__PROMPT__
Produce as output only the lines below starting at the line with "msp = doc.modelspace()" and continuing through the line with "(54.848, 278.661)], close=True)", each one exactly as written.

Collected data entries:
=== Section Start ===

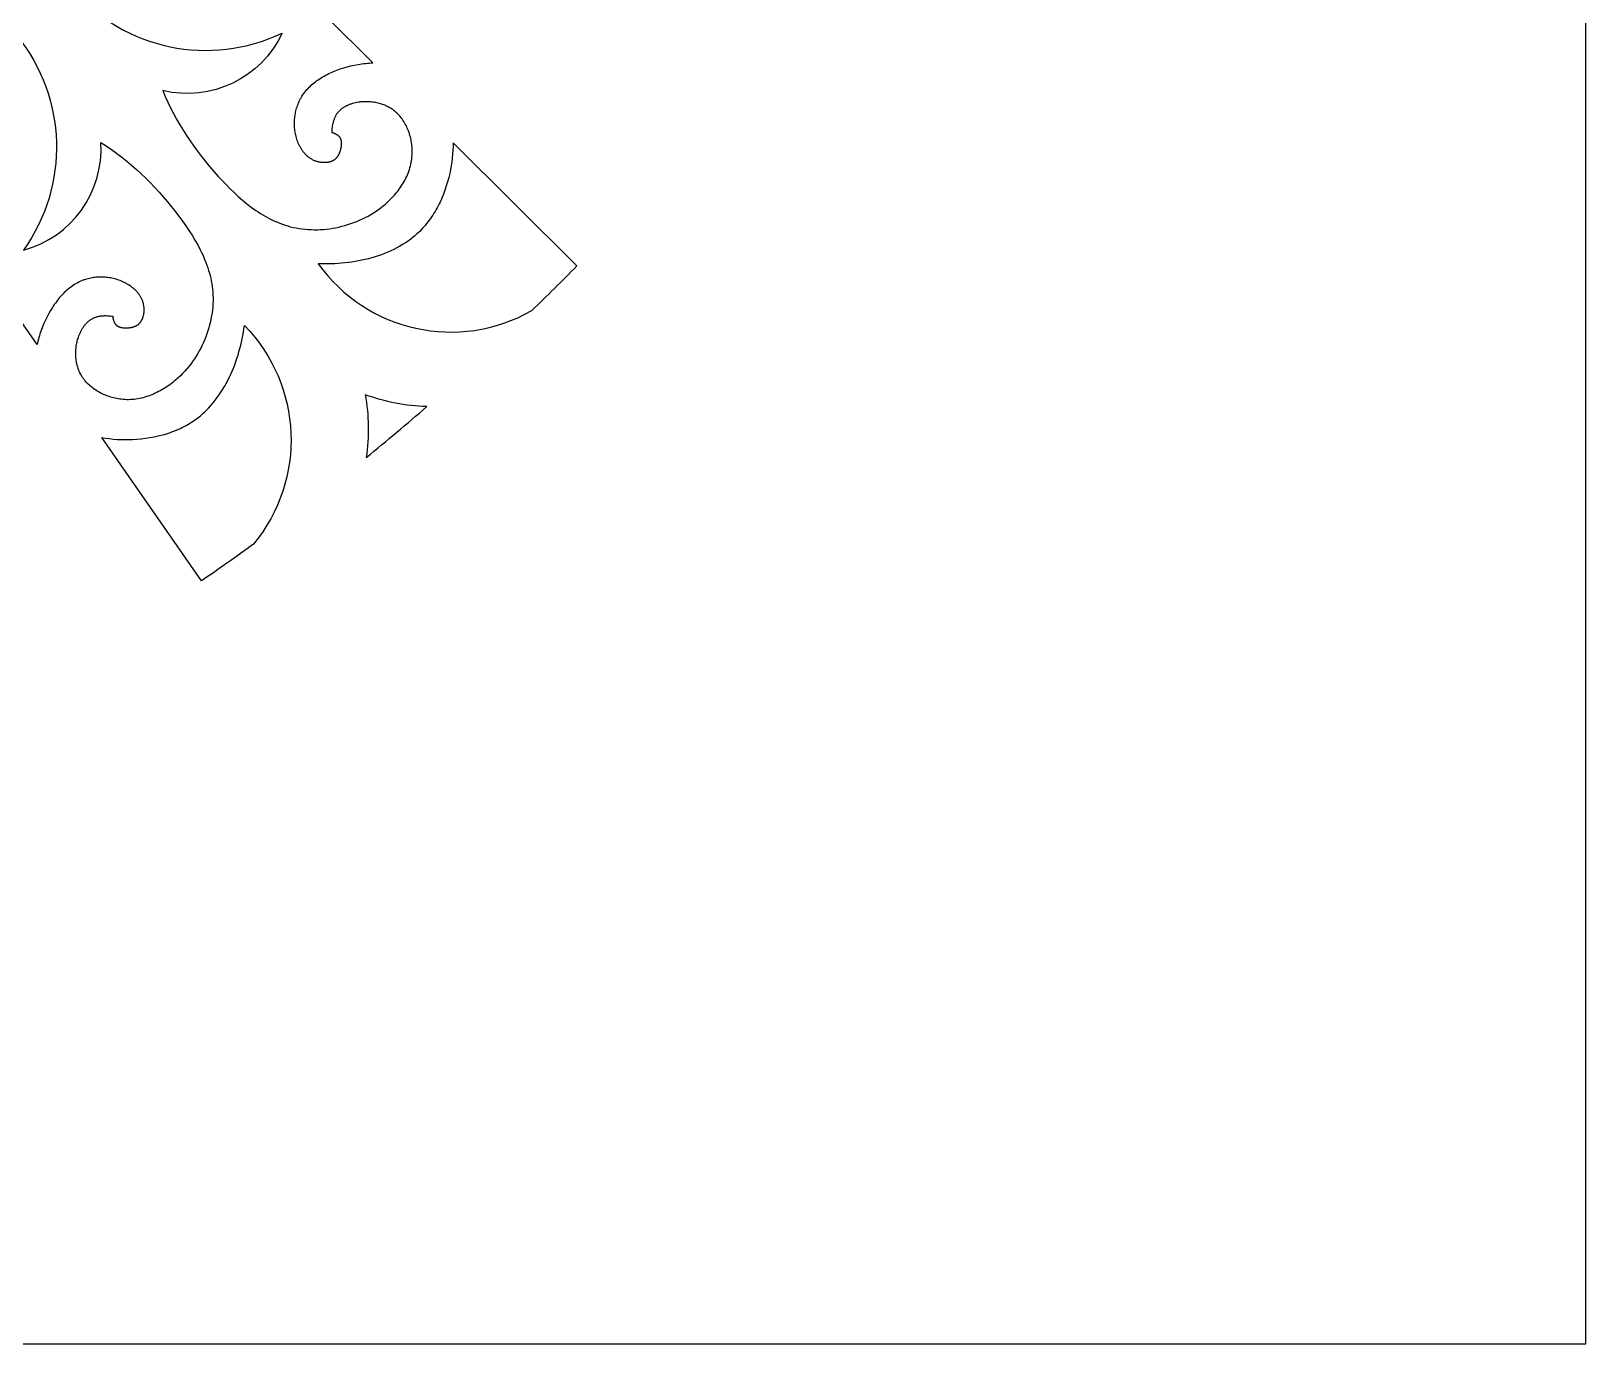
# Model space of a CAD drawing. Extents: x 55 to 271, y 60 to 279.
# Drawn here: x 211.7 to 270.7, y 59.8 to 109.6 of the extents above; entities that cross this region are included whole.
import ezdxf

# ---------------------------------------------------------------- set-up
doc = ezdxf.new("R2010")
doc.units = 0
doc.layers.get('0').update_dxf_attribs({"color": 1, "linetype": 'CONTINUOUS'})

msp = doc.modelspace()

# ---------------------------------------------------------------- linework, layer by layer
msp.add_lwpolyline([(54.848, 59.766), (270.707, 59.766), (270.707, 278.661), (54.848, 278.661)], close=True)
for points in [[(213.308, 111.125, 0.336677), (221.255, 109.479, -0.356742), (216.731, 107.301), (216.824, 107.078), (216.922, 106.857), (217.027, 106.64), (217.137, 106.425), (217.252, 106.213), (217.372, 106.004), (217.498, 105.798), (217.628, 105.594), (217.763, 105.392), (217.903, 105.193), (218.048, 104.997), (218.197, 104.802), (218.35, 104.61), (218.508, 104.42), (218.67, 104.233), (218.835, 104.047), (219.129, 103.733), (219.281, 103.58), (219.436, 103.43), (219.593, 103.285), (219.755, 103.144), (219.919, 103.008), (220.087, 102.879), (220.172, 102.817), (220.259, 102.756), (220.346, 102.698), (220.434, 102.641), (220.523, 102.586), (220.613, 102.533), (220.704, 102.483), (220.796, 102.435), (220.889, 102.389), (220.983, 102.345), (221.078, 102.304), (221.174, 102.266), (221.271, 102.23), (221.369, 102.197), (221.468, 102.166), (221.568, 102.139), (221.678, 102.112), (221.79, 102.089), (221.902, 102.07), (222.016, 102.054), (222.13, 102.041), (222.245, 102.032), (222.361, 102.026), (222.477, 102.024), (222.593, 102.025), (222.71, 102.029), (222.826, 102.037), (222.943, 102.048), (223.06, 102.062), (223.176, 102.08), (223.292, 102.101), (223.408, 102.125), (223.523, 102.153), (223.638, 102.183), (223.751, 102.217), (223.864, 102.254), (223.976, 102.294), (224.087, 102.337), (224.196, 102.384), (224.304, 102.433), (224.411, 102.486), (224.516, 102.542), (224.619, 102.6), (224.721, 102.662), (224.82, 102.727), (224.918, 102.795), (225.013, 102.866), (225.106, 102.939), (225.161, 102.986), (225.215, 103.033), (225.269, 103.081), (225.321, 103.13), (225.372, 103.18), (225.422, 103.232), (225.471, 103.284), (225.519, 103.337), (225.565, 103.391), (225.611, 103.446), (225.655, 103.502), (225.697, 103.559), (225.738, 103.616), (225.778, 103.675), (225.816, 103.734), (225.852, 103.794), (225.887, 103.855), (225.921, 103.917), (225.952, 103.979), (225.982, 104.043), (226.01, 104.106), (226.036, 104.171), (226.061, 104.236), (226.083, 104.302), (226.104, 104.369), (226.122, 104.436), (226.138, 104.504), (226.153, 104.572), (226.165, 104.641), (226.175, 104.711), (226.182, 104.781), (226.188, 104.851), (226.19, 104.909), (226.191, 104.966), (226.191, 105.024), (226.189, 105.083), (226.186, 105.141), (226.181, 105.199), (226.174, 105.257), (226.166, 105.315), (226.157, 105.373), (226.146, 105.431), (226.133, 105.488), (226.12, 105.545), (226.104, 105.602), (226.087, 105.658), (226.069, 105.713), (226.049, 105.768), (226.028, 105.822), (226.005, 105.876), (225.981, 105.928), (225.956, 105.98), (225.929, 106.031), (225.9, 106.081), (225.871, 106.129), (225.839, 106.177), (225.807, 106.223), (225.773, 106.269), (225.737, 106.312), (225.719, 106.334), (225.7, 106.355), (225.681, 106.376), (225.662, 106.396), (225.642, 106.416), (225.622, 106.436), (225.602, 106.455), (225.581, 106.474), (225.56, 106.492), (225.539, 106.51), (225.504, 106.538), (225.468, 106.565), (225.432, 106.591), (225.394, 106.615), (225.356, 106.639), (225.317, 106.662), (225.277, 106.683), (225.237, 106.703), (225.196, 106.723), (225.154, 106.741), (225.112, 106.758), (225.07, 106.774), (225.027, 106.788), (224.983, 106.802), (224.939, 106.815), (224.894, 106.826), (224.849, 106.836), (224.804, 106.846), (224.759, 106.854), (224.713, 106.861), (224.667, 106.867), (224.62, 106.871), (224.574, 106.875), (224.527, 106.878), (224.48, 106.879), (224.434, 106.879), (224.387, 106.878), (224.339, 106.876), (224.292, 106.873), (224.245, 106.869), (224.199, 106.863), (224.152, 106.857), (224.094, 106.847), (224.037, 106.836), (223.981, 106.823), (223.925, 106.808), (223.898, 106.8), (223.87, 106.791), (223.843, 106.782), (223.816, 106.772), (223.79, 106.762), (223.763, 106.751), (223.738, 106.74), (223.712, 106.728), (223.687, 106.716), (223.662, 106.703), (223.638, 106.69), (223.614, 106.676), (223.59, 106.661), (223.567, 106.646), (223.545, 106.631), (223.523, 106.615), (223.501, 106.598), (223.48, 106.581), (223.46, 106.563), (223.44, 106.545), (223.421, 106.526), (223.402, 106.506), (223.385, 106.486), (223.367, 106.465), (223.353, 106.446), (223.338, 106.426), (223.325, 106.406), (223.311, 106.385), (223.299, 106.364), (223.287, 106.342), (223.275, 106.32), (223.264, 106.298), (223.254, 106.276), (223.244, 106.253), (223.234, 106.23), (223.225, 106.206), (223.217, 106.182), (223.208, 106.159), (223.201, 106.134), (223.194, 106.11), (223.187, 106.086), (223.181, 106.061), (223.175, 106.036), (223.17, 106.011), (223.166, 105.986), (223.161, 105.961), (223.154, 105.911), (223.148, 105.86), (223.144, 105.81), (223.142, 105.76), (223.141, 105.711), (223.163, 105.705), (223.184, 105.699), (223.206, 105.692), (223.227, 105.685), (223.238, 105.681), (223.248, 105.676), (223.259, 105.672), (223.269, 105.667), (223.28, 105.662), (223.29, 105.657), (223.3, 105.652), (223.31, 105.646), (223.32, 105.641), (223.33, 105.635), (223.339, 105.629), (223.349, 105.622), (223.358, 105.616), (223.367, 105.609), (223.376, 105.602), (223.384, 105.595), (223.392, 105.588), (223.4, 105.581), (223.408, 105.573), (223.415, 105.565), (223.422, 105.557), (223.429, 105.549), (223.433, 105.545), (223.436, 105.54), (223.439, 105.536), (223.442, 105.532), (223.445, 105.527), (223.448, 105.522), (223.451, 105.518), (223.454, 105.513), (223.457, 105.508), (223.459, 105.503), (223.462, 105.498), (223.464, 105.493), (223.467, 105.488), (223.469, 105.483), (223.473, 105.472), (223.477, 105.462), (223.481, 105.451), (223.484, 105.44), (223.487, 105.429), (223.49, 105.418), (223.492, 105.407), (223.494, 105.395), (223.496, 105.384), (223.498, 105.372), (223.499, 105.36), (223.5, 105.348), (223.501, 105.336), (223.501, 105.324), (223.502, 105.312), (223.502, 105.3), (223.502, 105.287), (223.501, 105.263), (223.499, 105.238), (223.497, 105.213), (223.494, 105.188), (223.49, 105.163), (223.484, 105.127), (223.477, 105.092), (223.468, 105.056), (223.459, 105.022), (223.454, 105.005), (223.449, 104.988), (223.443, 104.971), (223.437, 104.954), (223.431, 104.938), (223.424, 104.922), (223.417, 104.906), (223.41, 104.89), (223.402, 104.875), (223.394, 104.859), (223.386, 104.845), (223.378, 104.83), (223.369, 104.816), (223.36, 104.802), (223.35, 104.788), (223.341, 104.775), (223.33, 104.762), (223.32, 104.749), (223.309, 104.737), (223.298, 104.725), (223.286, 104.714), (223.274, 104.703), (223.268, 104.697), (223.262, 104.692), (223.256, 104.687), (223.25, 104.682), (223.24, 104.675), (223.231, 104.669), (223.222, 104.662), (223.212, 104.656), (223.202, 104.65), (223.192, 104.644), (223.182, 104.639), (223.172, 104.633), (223.161, 104.628), (223.15, 104.623), (223.14, 104.619), (223.129, 104.614), (223.118, 104.61), (223.107, 104.606), (223.095, 104.602), (223.084, 104.598), (223.073, 104.595), (223.061, 104.592), (223.049, 104.589), (223.037, 104.586), (223.026, 104.583), (223.014, 104.581), (222.989, 104.577), (222.965, 104.573), (222.94, 104.571), (222.915, 104.569), (222.89, 104.568), (222.864, 104.567), (222.839, 104.568), (222.813, 104.569), (222.788, 104.57), (222.762, 104.573), (222.736, 104.576), (222.711, 104.58), (222.685, 104.584), (222.66, 104.589), (222.634, 104.595), (222.609, 104.601), (222.585, 104.608), (222.56, 104.616), (222.536, 104.624), (222.512, 104.633), (222.488, 104.642), (222.461, 104.654), (222.434, 104.666), (222.407, 104.68), (222.381, 104.694), (222.356, 104.708), (222.331, 104.724), (222.307, 104.74), (222.284, 104.757), (222.261, 104.774), (222.238, 104.792), (222.216, 104.811), (222.194, 104.83), (222.174, 104.85), (222.153, 104.87), (222.133, 104.891), (222.114, 104.912), (222.095, 104.934), (222.077, 104.956), (222.059, 104.979), (222.041, 105.002), (222.025, 105.026), (222.008, 105.05), (221.992, 105.074), (221.977, 105.099), (221.962, 105.124), (221.948, 105.149), (221.934, 105.175), (221.92, 105.201), (221.907, 105.227), (221.895, 105.254), (221.871, 105.307), (221.851, 105.357), (221.832, 105.408), (221.815, 105.459), (221.799, 105.511), (221.785, 105.563), (221.773, 105.616), (221.762, 105.669), (221.752, 105.722), (221.744, 105.776), (221.737, 105.83), (221.732, 105.884), (221.728, 105.938), (221.726, 105.992), (221.725, 106.046), (221.725, 106.101), (221.727, 106.155), (221.731, 106.209), (221.735, 106.263), (221.741, 106.317), (221.749, 106.37), (221.758, 106.423), (221.768, 106.476), (221.78, 106.528), (221.793, 106.58), (221.807, 106.632), (221.823, 106.683), (221.84, 106.733), (221.859, 106.783), (221.878, 106.832), (221.899, 106.88), (221.922, 106.927), (221.945, 106.974), (221.96, 107.002), (221.976, 107.03), (221.992, 107.057), (222.008, 107.084), (222.043, 107.137), (222.078, 107.189), (222.116, 107.239), (222.155, 107.288), (222.196, 107.336), (222.239, 107.383), (222.283, 107.429), (222.328, 107.473), (222.375, 107.516), (222.423, 107.558), (222.473, 107.599), (222.524, 107.638), (222.576, 107.677), (222.629, 107.714), (222.683, 107.75), (222.738, 107.785), (222.794, 107.819), (222.851, 107.852), (222.909, 107.883), (222.968, 107.914), (223.028, 107.943), (223.088, 107.972), (223.149, 107.999), (223.211, 108.026), (223.336, 108.075), (223.463, 108.121), (223.591, 108.162), (223.728, 108.202), (223.865, 108.237), (224.004, 108.268), (224.143, 108.294), (224.282, 108.315), (224.352, 108.324), (224.422, 108.332), (224.491, 108.338), (224.561, 108.343), (224.63, 108.347), (224.7, 108.349), (217.721, 115.297, -0.580389)], [(211.21, 109.364, -0.336677), (211.45, 101.252, 0.356742), (214.381, 105.33), (214.585, 105.199), (214.785, 105.064), (214.981, 104.923), (215.173, 104.778), (215.362, 104.627), (215.547, 104.473), (215.729, 104.313), (215.907, 104.149), (216.082, 103.981), (216.253, 103.809), (216.422, 103.632), (216.587, 103.452), (216.75, 103.267), (216.909, 103.079), (217.066, 102.887), (217.22, 102.692), (217.478, 102.348), (217.603, 102.172), (217.723, 101.994), (217.839, 101.813), (217.95, 101.63), (218.055, 101.444), (218.153, 101.256), (218.2, 101.161), (218.244, 101.066), (218.287, 100.97), (218.327, 100.873), (218.366, 100.776), (218.402, 100.678), (218.436, 100.58), (218.468, 100.481), (218.497, 100.381), (218.523, 100.281), (218.547, 100.181), (218.569, 100.08), (218.587, 99.978), (218.603, 99.875), (218.615, 99.773), (218.625, 99.669), (218.632, 99.556), (218.635, 99.442), (218.635, 99.328), (218.631, 99.214), (218.624, 99.099), (218.613, 98.984), (218.598, 98.869), (218.58, 98.755), (218.559, 98.64), (218.535, 98.526), (218.507, 98.412), (218.476, 98.299), (218.441, 98.187), (218.404, 98.075), (218.363, 97.965), (218.319, 97.855), (218.272, 97.746), (218.222, 97.639), (218.169, 97.533), (218.113, 97.428), (218.054, 97.325), (217.992, 97.223), (217.927, 97.124), (217.86, 97.026), (217.789, 96.93), (217.716, 96.836), (217.641, 96.745), (217.562, 96.656), (217.481, 96.569), (217.397, 96.485), (217.311, 96.403), (217.222, 96.324), (217.167, 96.278), (217.111, 96.233), (217.055, 96.189), (216.997, 96.146), (216.939, 96.104), (216.879, 96.063), (216.82, 96.024), (216.759, 95.987), (216.698, 95.95), (216.636, 95.915), (216.573, 95.882), (216.51, 95.85), (216.446, 95.819), (216.381, 95.79), (216.316, 95.763), (216.251, 95.738), (216.184, 95.714), (216.118, 95.692), (216.051, 95.671), (215.984, 95.653), (215.916, 95.636), (215.848, 95.622), (215.779, 95.609), (215.71, 95.599), (215.641, 95.59), (215.572, 95.583), (215.502, 95.579), (215.433, 95.577), (215.363, 95.577), (215.292, 95.579), (215.222, 95.584), (215.152, 95.591), (215.095, 95.598), (215.037, 95.607), (214.98, 95.618), (214.924, 95.63), (214.867, 95.643), (214.81, 95.658), (214.754, 95.675), (214.698, 95.693), (214.643, 95.712), (214.588, 95.733), (214.534, 95.755), (214.48, 95.778), (214.427, 95.803), (214.375, 95.83), (214.323, 95.857), (214.273, 95.886), (214.223, 95.917), (214.174, 95.948), (214.127, 95.981), (214.08, 96.015), (214.035, 96.051), (213.991, 96.087), (213.948, 96.125), (213.906, 96.164), (213.866, 96.204), (213.828, 96.246), (213.791, 96.288), (213.773, 96.31), (213.755, 96.332), (213.738, 96.354), (213.721, 96.377), (213.705, 96.399), (213.689, 96.423), (213.674, 96.446), (213.659, 96.47), (213.645, 96.493), (213.631, 96.518), (213.609, 96.557), (213.589, 96.597), (213.57, 96.638), (213.552, 96.679), (213.535, 96.72), (213.52, 96.763), (213.506, 96.805), (213.493, 96.849), (213.481, 96.892), (213.47, 96.936), (213.461, 96.981), (213.453, 97.026), (213.445, 97.071), (213.44, 97.116), (213.435, 97.162), (213.431, 97.207), (213.429, 97.253), (213.428, 97.3), (213.428, 97.346), (213.429, 97.392), (213.431, 97.439), (213.434, 97.485), (213.439, 97.531), (213.444, 97.578), (213.451, 97.624), (213.459, 97.67), (213.468, 97.717), (213.478, 97.763), (213.489, 97.808), (213.502, 97.854), (213.515, 97.899), (213.53, 97.944), (213.549, 97.999), (213.57, 98.053), (213.593, 98.106), (213.618, 98.159), (213.631, 98.184), (213.644, 98.21), (213.658, 98.235), (213.672, 98.26), (213.686, 98.284), (213.702, 98.308), (213.717, 98.332), (213.733, 98.355), (213.75, 98.377), (213.766, 98.4), (213.784, 98.421), (213.802, 98.443), (213.82, 98.463), (213.839, 98.483), (213.858, 98.503), (213.878, 98.522), (213.898, 98.54), (213.918, 98.558), (213.939, 98.574), (213.961, 98.591), (213.983, 98.606), (214.006, 98.621), (214.029, 98.635), (214.052, 98.648), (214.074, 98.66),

=== Section End ===

__RESULT__
msp = doc.modelspace()

# ---------------------------------------------------------------- linework, layer by layer
msp.add_lwpolyline([(54.848, 59.766), (270.707, 59.766), (270.707, 278.661), (54.848, 278.661)], close=True)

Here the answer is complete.